確実なことはわからないようであるが、自分の観察の結果から判断できる範囲内では、ともかくもこの中央の穴から流れ出しまた流れ帰る水の流路を示すものらしく思われる。そうだとすると、これも上記現象のあるものと同部類に属すると考えられる。これは雪の代わりに他の可溶塩類を使った実験ができる見込みである。
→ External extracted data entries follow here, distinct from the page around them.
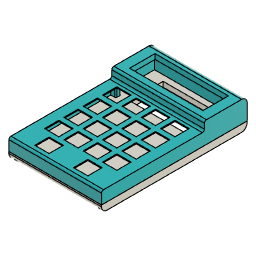
calculator rev1 16122023 (Autodesk Fusion 360 design; units mm, degrees)
Autodesk Fusion 360 part; units mm, degrees
note: some values were not read from the file. Set by a fixed rule: which sketch regions a step uses.
sketch "Sketch1" plane through (0, 0, 0) normal (0, 0, 1) x (1, 0, 0)
  line L0 (-19, 82) -> (72, 82)
  line L1 (72, 82) -> (72, -61)
  line L2 (72, -61) -> (-19, -61)
  line L3 (-19, -61) -> (-19, 82)
  line L4 (-9, 35) -> (5, 35)
  line L5 (5, 35) -> (5, 21)
  line L6 (5, 21) -> (-9, 21)
  line L7 (-9, 21) -> (-9, 35)
  line L8 (10, 35) -> (24, 35)
  line L9 (24, 35) -> (24, 21)
  line L10 (24, 21) -> (10, 21)
  line L11 (10, 21) -> (10, 35)
  line L12 (29, 35) -> (43, 35)
  line L13 (43, 35) -> (43, 21)
  line L14 (43, 21) -> (29, 21)
  line L15 (29, 21) -> (29, 35)
  line L16 (48, 35) -> (62, 35)
  line L17 (62, 35) -> (62, 21)
  line L18 (62, 21) -> (48, 21)
  line L19 (48, 21) -> (48, 35)
  line L20 (-9, 16) -> (5, 16)
  line L21 (5, 16) -> (5, 2)
  line L22 (5, 2) -> (-9, 2)
  line L23 (-9, 2) -> (-9, 16)
  line L24 (10, 16) -> (24, 16)
  line L25 (24, 16) -> (24, 2)
  line L26 (24, 2) -> (10, 2)
  line L27 (10, 2) -> (10, 16)
  line L28 (29, 16) -> (43, 16)
  line L29 (43, 16) -> (43, 2)
  line L30 (43, 2) -> (29, 2)
  line L31 (29, 2) -> (29, 16)
  line L32 (48, 16) -> (62, 16)
  line L33 (62, 16) -> (62, 2)
  line L34 (62, 2) -> (48, 2)
  line L35 (48, 2) -> (48, 16)
  line L36 (-9, -3) -> (5, -3)
  line L37 (5, -3) -> (5, -17)
  line L38 (5, -17) -> (-9, -17)
  line L39 (-9, -17) -> (-9, -3)
  line L40 (10, -3) -> (24, -3)
  line L41 (24, -3) -> (24, -17)
  line L42 (24, -17) -> (10, -17)
  line L43 (10, -17) -> (10, -3)
  line L44 (29, -3) -> (43, -3)
  line L45 (43, -3) -> (43, -17)
  line L46 (43, -17) -> (29, -17)
  line L47 (29, -17) -> (29, -3)
  line L48 (48, -3) -> (62, -3)
  line L49 (62, -3) -> (62, -17)
  line L50 (62, -17) -> (48, -17)
  line L51 (48, -17) -> (48, -3)
  line L52 (-9, -22) -> (5, -22)
  line L53 (5, -22) -> (5, -36)
  line L54 (5, -36) -> (-9, -36)
  line L55 (-9, -36) -> (-9, -22)
  line L56 (10, -22) -> (24, -22)
  line L57 (24, -22) -> (24, -36)
  line L58 (24, -36) -> (10, -36)
  line L59 (10, -36) -> (10, -22)
  line L60 (29, -22) -> (43, -22)
  line L61 (43, -22) -> (43, -36)
  line L62 (43, -36) -> (29, -36)
  line L63 (29, -36) -> (29, -22)
  line L64 (48, -22) -> (62, -22)
  line L65 (62, -22) -> (62, -36)
  line L66 (62, -36) -> (48, -36)
  line L67 (48, -36) -> (48, -22)
  line L68 (0.5, -41) -> (14.5, -41)
  line L69 (14.5, -41) -> (14.5, -55)
  line L70 (14.5, -55) -> (0.5, -55)
  line L71 (0.5, -55) -> (0.5, -41)
  line L72 (38.5, -41) -> (52.5, -41)
  line L73 (52.5, -41) -> (52.5, -55)
  line L74 (52.5, -55) -> (38.5, -55)
  line L75 (38.5, -55) -> (38.5, -41)
  line L76 (-9.5, 73) -> (62.5, 73)
  line L77 (62.5, 73) -> (62.5, 48)
  line L78 (62.5, 48) -> (-9.5, 48)
  line L79 (-9.5, 48) -> (-9.5, 73)
  dimension "d2" = 10
  dimension "d3" = 5
  dimension "d5" = 5
  dimension "d7" = 5
  dimension "d10" = 14
  dimension "d11" = 10
  dimension "d12" = 5
  dimension "d13" = 5
  dimension "d14" = 5
  dimension "d15" = 9.5
  dimension "d16" = 9.5
  dimension "d17" = 14
  dimension "d18" = 5
  dimension "d19" = 5
  dimension "d20" = 25
  dimension "d21" = 72
  dimension "d22" = 91
  dimension "d23" = 9.5
  dimension "d24" = 13
  dimension "d34" = 9
  dimension "d84" = 143
  constraint horizontal L0
  constraint vertical L1
  constraint horizontal L2
  constraint vertical L3
  constraint horizontal L4
  constraint vertical L5
  constraint horizontal L6
  constraint vertical L7
  constraint horizontal L8
  constraint vertical L9
  constraint horizontal L10
  constraint vertical L11
  constraint horizontal L12
  constraint vertical L13
  constraint horizontal L14
  constraint vertical L15
  constraint horizontal L16
  constraint vertical L17
  constraint horizontal L18
  constraint vertical L19
  constraint horizontal L20
  constraint vertical L21
  constraint horizontal L22
  constraint vertical L23
  constraint horizontal L24
  constraint vertical L25
  constraint horizontal L26
  constraint vertical L27
  constraint horizontal L28
  constraint vertical L29
  constraint horizontal L30
  constraint vertical L31
  constraint horizontal L32
  constraint vertical L33
  constraint horizontal L34
  constraint vertical L35
  constraint horizontal L36
  constraint vertical L37
  constraint horizontal L38
  constraint vertical L39
  constraint horizontal L40
  constraint vertical L41
  constraint horizontal L42
  constraint vertical L43
  constraint horizontal L44
  constraint vertical L45
  constraint horizontal L46
  constraint vertical L47
  constraint horizontal L48
  constraint vertical L49
  constraint horizontal L50
  constraint vertical L51
  constraint horizontal L52
  constraint vertical L53
  constraint horizontal L54
  constraint vertical L55
  constraint horizontal L56
  constraint vertical L57
  constraint horizontal L58
  constraint vertical L59
  constraint horizontal L60
  constraint vertical L61
  constraint horizontal L62
  constraint vertical L63
  constraint horizontal L64
  constraint vertical L65
  constraint horizontal L66
  constraint vertical L67
  constraint horizontal L68
  constraint vertical L69
  constraint horizontal L70
  constraint vertical L71
  constraint horizontal L72
  constraint vertical L73
  constraint horizontal L74
  constraint vertical L75
  constraint horizontal L76
  constraint vertical L77
  constraint horizontal L78
  constraint vertical L79
  measures "d2" distance of L3 L7
  measures "d3" distance of L5 L11
  measures "d5" distance of L9 L15
  measures "d7" distance of L13 L19
  measures "d10" distance of L17 L19
  measures "d11" distance of L1 L17
  measures "d12" distance of L6 L20
  measures "d13" distance of L22 L36
  measures "d14" distance of L38 L52
  measures "d15" distance of L57 L69
  measures "d16" distance of L63 L75
  measures "d17" distance of L73 L75
  measures "d18" distance of L58 L68
  measures "d19" distance of L62 L72
  measures "d20" distance of L76 L78
  measures "d21" distance of L77 L79
  measures "d22" distance of L1 L3
  measures "d23" distance of L3 L79
  measures "d24" distance of L4 L78
  measures "d34" distance of L0 L76
  measures "d84" distance of L0 L2
extrude "Extrude1" add sketch "Sketch1" along normal blind 3 makes body 1
sketch "Sketch2" plane through (0, 0, 3) normal (0, 0, 1) x (-1, 0, 0)
  line L0 (-52.5, 55) -> (-38.5, 55)
  line L1 (-38.5, 55) -> (-38.5, 41)
  line L2 (-38.5, 41) -> (-52.5, 41)
  line L3 (-52.5, 41) -> (-52.5, 55)
  line L4 (-62.5, -48) -> (9.5, -48)
  line L5 (9.5, -48) -> (9.5, -73)
  line L6 (9.5, -73) -> (-62.5, -73)
  line L7 (-62.5, -73) -> (-62.5, -48)
  line L8 (-43, -21) -> (-29, -21)
  line L9 (-29, -21) -> (-29, -35)
  line L10 (-29, -35) -> (-43, -35)
  line L11 (-43, -35) -> (-43, -21)
  line L12 (-43, -2) -> (-29, -2)
  line L13 (-29, -2) -> (-29, -16)
  line L14 (-29, -16) -> (-43, -16)
  line L15 (-43, -16) -> (-43, -2)
  line L16 (-24, -2) -> (-10, -2)
  line L17 (-10, -2) -> (-10, -16)
  line L18 (-10, -16) -> (-24, -16)
  line L19 (-24, -16) -> (-24, -2)
  line L20 (-5, -21) -> (9, -21)
  line L21 (9, -21) -> (9, -35)
  line L22 (9, -35) -> (-5, -35)
  line L23 (-5, -35) -> (-5, -21)
  line L24 (-5, -2) -> (9, -2)
  line L25 (9, -2) -> (9, -16)
  line L26 (9, -16) -> (-5, -16)
  line L27 (-5, -16) -> (-5, -2)
  line L28 (-5, 17) -> (9, 17)
  line L29 (9, 17) -> (9, 3)
  line L30 (9, 3) -> (-5, 3)
  line L31 (-5, 3) -> (-5, 17)
  line L32 (-62, -2) -> (-48, -2)
  line L33 (-48, -2) -> (-48, -16)
  line L34 (-48, -16) -> (-62, -16)
  line L35 (-62, -16) -> (-62, -2)
  line L36 (-62, 17) -> (-48, 17)
  line L37 (-48, 17) -> (-48, 3)
  line L38 (-48, 3) -> (-62, 3)
  line L39 (-62, 3) -> (-62, 17)
  line L40 (-43, 17) -> (-29, 17)
  line L41 (-29, 17) -> (-29, 3)
  line L42 (-29, 3) -> (-43, 3)
  line L43 (-43, 3) -> (-43, 17)
  line L44 (-24, 36) -> (-10, 36)
  line L45 (-10, 36) -> (-10, 22)
  line L46 (-10, 22) -> (-24, 22)
  line L47 (-24, 22) -> (-24, 36)
  line L48 (-43, 36) -> (-29, 36)
  line L49 (-29, 36) -> (-29, 22)
  line L50 (-29, 22) -> (-43, 22)
  line L51 (-43, 22) -> (-43, 36)
  line L52 (-62, 36) -> (-48, 36)
  line L53 (-48, 36) -> (-48, 22)
  line L54 (-48, 22) -> (-62, 22)
  line L55 (-62, 22) -> (-62, 36)
  line L56 (-5, 36) -> (9, 36)
  line L57 (9, 36) -> (9, 22)
  line L58 (9, 22) -> (-5, 22)
  line L59 (-5, 22) -> (-5, 36)
  line L60 (-14.5, 55) -> (-0.5, 55)
  line L61 (-0.5, 55) -> (-0.5, 41)
  line L62 (-0.5, 41) -> (-14.5, 41)
  line L63 (-14.5, 41) -> (-14.5, 55)
  line L64 (-24, 17) -> (-10, 17)
  line L65 (-10, 17) -> (-10, 3)
  line L66 (-10, 3) -> (-24, 3)
  line L67 (-24, 3) -> (-24, 17)
  line L68 (-62, -21) -> (-48, -21)
  line L69 (-48, -21) -> (-48, -35)
  line L70 (-48, -35) -> (-62, -35)
  line L71 (-62, -35) -> (-62, -21)
  line L72 (-24, -21) -> (-10, -21)
  line L73 (-10, -21) -> (-10, -35)
  line L74 (-10, -35) -> (-24, -35)
  line L75 (-24, -35) -> (-24, -21)
  line L76 (19, 61) -> (-72, 61)
  line L77 (-72, 61) -> (-72, -82)
  line L78 (-72, -82) -> (19, -82)
  line L79 (19, -82) -> (19, 61)
  line L80 (19, -82) -> (-72, -82)
  line L81 (-72, -82) -> (-72, -43)
  line L82 (-72, -43) -> (19, -43)
  line L83 (19, -43) -> (19, -82)
  dimension "d29" = 5
  constraint horizontal L80
  constraint vertical L81
  constraint horizontal L82
  constraint vertical L83
  constraint coincident L77 L81.end
  constraint coincident L78.end L79.start
  measures "d29" distance of L4 L82
extrude "Extrude2" add sketch "Sketch2" along normal blind 3 contours L77 L78 L79 L80 L81 L82 L83 bodies 1
extrude "Extrude3" add 1 faces at (41.6667, 43, 4) along direction (0, -1, 0) blind 3 on bodies 1 bodies 1
sketch "Sketch3" plane through (0, 0, 0) normal (0, 0, -1) x (1, 0, 0)
  line L0 (-9.5, -48) -> (62.5, -48)
  line L1 (62.5, -48) -> (62.5, -73)
  line L2 (62.5, -73) -> (-9.5, -73)
  line L3 (-9.5, -73) -> (-9.5, -48)
  line L4 (38.5, 55) -> (52.5, 55)
  line L5 (52.5, 55) -> (52.5, 41)
  line L6 (52.5, 41) -> (38.5, 41)
  line L7 (38.5, 41) -> (38.5, 55)
  line L8 (0.5, 55) -> (14.5, 55)
  line L9 (14.5, 55) -> (14.5, 41)
  line L10 (14.5, 41) -> (0.5, 41)
  line L11 (0.5, 41) -> (0.5, 55)
  line L12 (48, 36) -> (62, 36)
  line L13 (62, 36) -> (62, 22)
  line L14 (62, 22) -> (48, 22)
  line L15 (48, 22) -> (48, 36)
  line L16 (29, 36) -> (43, 36)
  line L17 (43, 36) -> (43, 22)
  line L18 (43, 22) -> (29, 22)
  line L19 (29, 22) -> (29, 36)
  line L20 (10, 36) -> (24, 36)
  line L21 (24, 36) -> (24, 22)
  line L22 (24, 22) -> (10, 22)
  line L23 (10, 22) -> (10, 36)
  line L24 (10, 17) -> (24, 17)
  line L25 (24, 17) -> (24, 3)
  line L26 (24, 3) -> (10, 3)
  line L27 (10, 3) -> (10, 17)
  line L28 (29, 17) -> (43, 17)
  line L29 (43, 17) -> (43, 3)
  line L30 (43, 3) -> (29, 3)
  line L31 (29, 3) -> (29, 17)
  line L32 (48, 17) -> (62, 17)
  line L33 (62, 17) -> (62, 3)
  line L34 (62, 3) -> (48, 3)
  line L35 (48, 3) -> (48, 17)
  line L36 (-9, 36) -> (5, 36)
  line L37 (5, 36) -> (5, 22)
  line L38 (5, 22) -> (-9, 22)
  line L39 (-9, 22) -> (-9, 36)
  line L40 (-9, -2) -> (5, -2)
  line L41 (5, -2) -> (5, -16)
  line L42 (5, -16) -> (-9, -16)
  line L43 (-9, -16) -> (-9, -2)
  line L44 (10, -21) -> (24, -21)
  line L45 (24, -21) -> (24, -35)
  line L46 (24, -35) -> (10, -35)
  line L47 (10, -35) -> (10, -21)
  line L48 (29, -21) -> (43, -21)
  line L49 (43, -21) -> (43, -35)
  line L50 (43, -35) -> (29, -35)
  line L51 (29, -35) -> (29, -21)
  line L52 (-9, -21) -> (5, -21)
  line L53 (5, -21) -> (5, -35)
  line L54 (5, -35) -> (-9, -35)
  line L55 (-9, -35) -> (-9, -21)
  line L56 (10, -2) -> (24, -2)
  line L57 (24, -2) -> (24, -16)
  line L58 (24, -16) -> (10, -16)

唐紙《からかみ》などに水がついたあとにできる「しみ」が、どうかすると不規則な花形模様に広がることがある。また「もぐさ」を平たく板の上にはりつけておいて、その一点に点火すると、炎を上げない火が徐々に燃え広がる。その燃えて行く前面の形が不規則な花形である。これらの場合にはいずれも通有な一種の原理のようなものがあると思われる。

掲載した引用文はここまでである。